As I mash the potatoes into the buttery cream “sauce,” I look around for more flavor options. Roasted garlic is as far as I want to go in the onion-y sulfur flavor direction. I’d like to stay away from acid if at all possible. No lemon (an oft-used vegan salt substitute). Potatoes are notoriously dry, which is why we are adding the cream. Did we get enough butter? If you have to ask, then probably not. Instead of risking ruining the browned butter by re-introducing raw butter, I decided to draw upon the vegan experience at the French Meadow bakery under Chef John Grumbles. (No, he wasn’t disagreeable or muttering. He was the happiest bastard–always espousing the joys and whys of pure vegetarianism.) But his mashed potatoes were gawd-awful: olive oil and starch water with salt, pepper, and roasted garlic. Flavor: 6.5 of 10, texture: 0. There are lessons to be learned from veganism, but abandoning milkfat is not one of them.
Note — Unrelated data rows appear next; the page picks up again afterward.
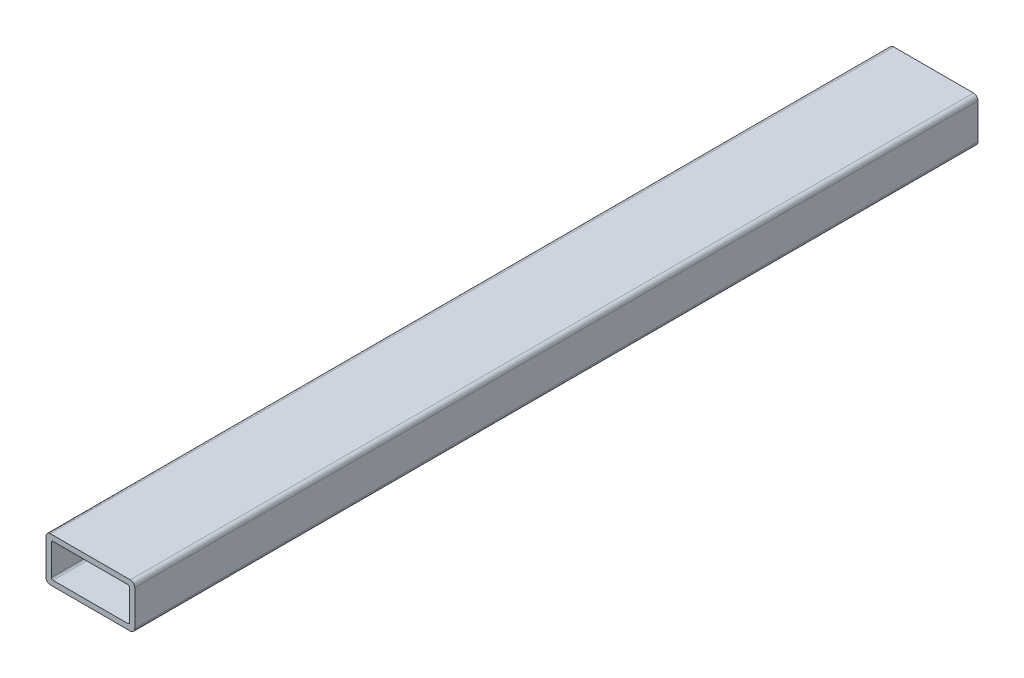
ISO-10303-21;
HEADER;
FILE_DESCRIPTION(('STEP AP214'),'2;1');
FILE_NAME('part.step','',(''),(''),'','','');
FILE_SCHEMA(('AUTOMOTIVE_DESIGN { 1 0 10303 214 1 1 1 1 }'));
ENDSEC;
DATA;
#1=APPLICATION_CONTEXT('core data for automotive mechanical design processes');
#2=APPLICATION_PROTOCOL_DEFINITION('international standard','automotive_design',2000,#1);
#3=PRODUCT_CONTEXT('',#1,'mechanical');
#4=PRODUCT('Part','Part','',(#3));
#5=PRODUCT_RELATED_PRODUCT_CATEGORY('part','',(#4));
#6=PRODUCT_DEFINITION_FORMATION('','',#4);
#7=PRODUCT_DEFINITION_CONTEXT('part definition',#1,'design');
#8=PRODUCT_DEFINITION('design','',#6,#7);
#9=PRODUCT_DEFINITION_SHAPE('','',#8);
#10=(LENGTH_UNIT() NAMED_UNIT(*) SI_UNIT(.MILLI.,.METRE.));
#11=(NAMED_UNIT(*) PLANE_ANGLE_UNIT() SI_UNIT($,.RADIAN.));
#12=(NAMED_UNIT(*) SI_UNIT($,.STERADIAN.) SOLID_ANGLE_UNIT());
#13=UNCERTAINTY_MEASURE_WITH_UNIT(LENGTH_MEASURE(1.E-05),#10,'distance_accuracy_value','');
#14=(GEOMETRIC_REPRESENTATION_CONTEXT(3) GLOBAL_UNCERTAINTY_ASSIGNED_CONTEXT((#13)) GLOBAL_UNIT_ASSIGNED_CONTEXT((#10,
#11,#12)) REPRESENTATION_CONTEXT('',''));
#15=CARTESIAN_POINT('',(0.,0.,0.));
#16=DIRECTION('',(0.,0.,1.));
#17=DIRECTION('',(1.,0.,0.));
#18=AXIS2_PLACEMENT_3D('',#15,#16,#17);
#19=CARTESIAN_POINT('',(22.86,-10.16,482.6));
#20=DIRECTION('',(0.,0.,1.));
#21=DIRECTION('',(1.,0.,0.));
#22=AXIS2_PLACEMENT_3D('',#19,#20,#21);
#23=PLANE('',#22);
#24=CARTESIAN_POINT('',(22.86,-10.16,482.6));
#25=DIRECTION('',(0.,0.,1.));
#26=DIRECTION('',(1.,0.,0.));
#27=AXIS2_PLACEMENT_3D('',#24,#25,#26);
#28=CIRCLE('',#27,2.54);
#29=CARTESIAN_POINT('',(22.86,-12.7,482.6));
#30=VERTEX_POINT('',#29);
#31=CARTESIAN_POINT('',(25.4,-10.16,482.6));
#32=VERTEX_POINT('',#31);
#33=EDGE_CURVE('E244',#30,#32,#28,.T.);
#34=ORIENTED_EDGE('',*,*,#33,.T.);
#35=DIRECTION('',(0.,1.,0.));
#36=VECTOR('',#35,1.);
#37=CARTESIAN_POINT('',(25.4,-10.16,482.6));
#38=LINE('',#37,#36);
#39=CARTESIAN_POINT('',(25.4,10.16,482.6));
#40=VERTEX_POINT('',#39);
#41=EDGE_CURVE('E248',#32,#40,#38,.T.);
#42=ORIENTED_EDGE('',*,*,#41,.T.);
#43=CARTESIAN_POINT('',(22.86,10.16,482.6));
#44=DIRECTION('',(0.,0.,1.));
#45=DIRECTION('',(1.,0.,0.));
#46=AXIS2_PLACEMENT_3D('',#43,#44,#45);
#47=CIRCLE('',#46,2.54);
#48=CARTESIAN_POINT('',(22.86,12.7,482.6));
#49=VERTEX_POINT('',#48);
#50=EDGE_CURVE('E252',#40,#49,#47,.T.);
#51=ORIENTED_EDGE('',*,*,#50,.T.);
#52=DIRECTION('',(-1.,0.,0.));
#53=VECTOR('',#52,1.);
#54=CARTESIAN_POINT('',(22.86,12.7,482.6));
#55=LINE('',#54,#53);
#56=CARTESIAN_POINT('',(-22.86,12.7,482.6));
#57=VERTEX_POINT('',#56);
#58=EDGE_CURVE('E255',#49,#57,#55,.T.);
#59=ORIENTED_EDGE('',*,*,#58,.T.);
#60=CARTESIAN_POINT('',(-22.86,10.16,482.6));
#61=DIRECTION('',(0.,0.,1.));
#62=DIRECTION('',(1.,0.,0.));
#63=AXIS2_PLACEMENT_3D('',#60,#61,#62);
#64=CIRCLE('',#63,2.54);
#65=CARTESIAN_POINT('',(-25.4,10.16,482.6));
#66=VERTEX_POINT('',#65);
#67=EDGE_CURVE('E258',#57,#66,#64,.T.);
#68=ORIENTED_EDGE('',*,*,#67,.T.);
#69=DIRECTION('',(0.,-1.,0.));
#70=VECTOR('',#69,1.);
#71=CARTESIAN_POINT('',(-25.4,-10.16,482.6));
#72=LINE('',#71,#70);
#73=CARTESIAN_POINT('',(-25.4,-10.16,482.6));
#74=VERTEX_POINT('',#73);
#75=EDGE_CURVE('E261',#66,#74,#72,.T.);
#76=ORIENTED_EDGE('',*,*,#75,.T.);
#77=CARTESIAN_POINT('',(-22.86,-10.16,482.6));
#78=DIRECTION('',(0.,0.,1.));
#79=DIRECTION('',(1.,0.,0.));
#80=AXIS2_PLACEMENT_3D('',#77,#78,#79);
#81=CIRCLE('',#80,2.54);
#82=CARTESIAN_POINT('',(-22.86,-12.7,482.6));
#83=VERTEX_POINT('',#82);
#84=EDGE_CURVE('E264',#74,#83,#81,.T.);
#85=ORIENTED_EDGE('',*,*,#84,.T.);
#86=DIRECTION('',(1.,0.,0.));
#87=VECTOR('',#86,1.);
#88=CARTESIAN_POINT('',(22.86,-12.7,482.6));
#89=LINE('',#88,#87);
#90=EDGE_CURVE('E267',#83,#30,#89,.T.);
#91=ORIENTED_EDGE('',*,*,#90,.T.);
#92=EDGE_LOOP('',(#34,#42,#51,#59,#68,#76,#85,#91));
#93=FACE_BOUND('',#92,.T.);
#94=DIRECTION('',(-1.,0.,0.));
#95=VECTOR('',#94,1.);
#96=CARTESIAN_POINT('',(21.3868,9.65199999999999,482.6));
#97=LINE('',#96,#95);
#98=CARTESIAN_POINT('',(21.3868,9.65199999999999,482.6));
#99=VERTEX_POINT('',#98);
#100=CARTESIAN_POINT('',(-21.3868,9.652,482.6));
#101=VERTEX_POINT('',#100);
#102=EDGE_CURVE('E164',#99,#101,#97,.T.);
#103=ORIENTED_EDGE('',*,*,#102,.F.);
#104=CARTESIAN_POINT('',(21.3868,8.6868,482.6));
#105=DIRECTION('',(0.,0.,1.));
#106=DIRECTION('',(1.,0.,0.));
#107=AXIS2_PLACEMENT_3D('',#104,#105,#106);
#108=CIRCLE('',#107,0.965199999999993);
#109=CARTESIAN_POINT('',(22.352,8.68680000000001,482.6));
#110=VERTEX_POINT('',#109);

I broke into my stash of expensive oils and drizzled some extremely clean XXX virgin olive oil into the mix. ooooh, aaaah. That was nice. That was good. We’re getting somewhere. Oil. An herbal dimension I previously overlooked!
And to enhance all of them we need salt. A lot of salt to take on the potatoes, and the cream and bring-out the nuttiness. But not too much.
The texture and mouthfeel was there, but was this it? Or was something else missing? Was I approaching this too conservatively? Not enough garlic or butter? No, the salty and “nutty” flavors were there as a base note. The garlic was totally dissolved and contributing throughout the flavor profile without being noticed. This perfect implementation of roasted garlic is in the top ten I’ve ever done. (See, the garlic is roasted with olive oil, so the oil is infused with garlic and vice versa. Until they become a new substance where they are neither their original components, but only a thick garlicky oil paste.) This allows other oils and fats to reference the dissolved garlic in the potatoes and create a total flavor. And then it hit me.
In the back of the cupboard, there was a dark skinny bottle of a rich oil I’ve barely used. This could work! I remembered in a fancy finger-food cookbook, the chef used truffle oil to scent some potato chips. If that aroma went together with the overcooked potato chip, then surely it could push the herbal quality from the olive oil and roasted garlic a lot further along.
I tried a drop in a scoop of potatoes. WOW It was strong, like game. Yet it was not unpleasant. It has very little recognition on the American palate. By referencing the herbal oil and garlic qualities, it found its way into the flavor. It was that hint of “something extra” in the back of the throat that pushed the browned butter and cream to the next level. (Nutmeg could do the same, but I had already used that in the creamed corn.) I could use say five drops, max, for the entire pot and come away with a totally-complete flavor profile with an entirely smooth mouthfeel. With restraint, I can say that I have found my secret ingredient: white truffle oil.
So there you have it: stand-up, top-shelf, classy mashed potatoes.
- 6 med potatoes, peeled, chopped & boiled, whipped
- 4 tablespoons of butter, browned
- 1.5 cups cream, simmered-down a bit
- 3 med-small cloves roasted garlic
- 4-5 drops white truffle oil
Patience, memory and persistence paid off.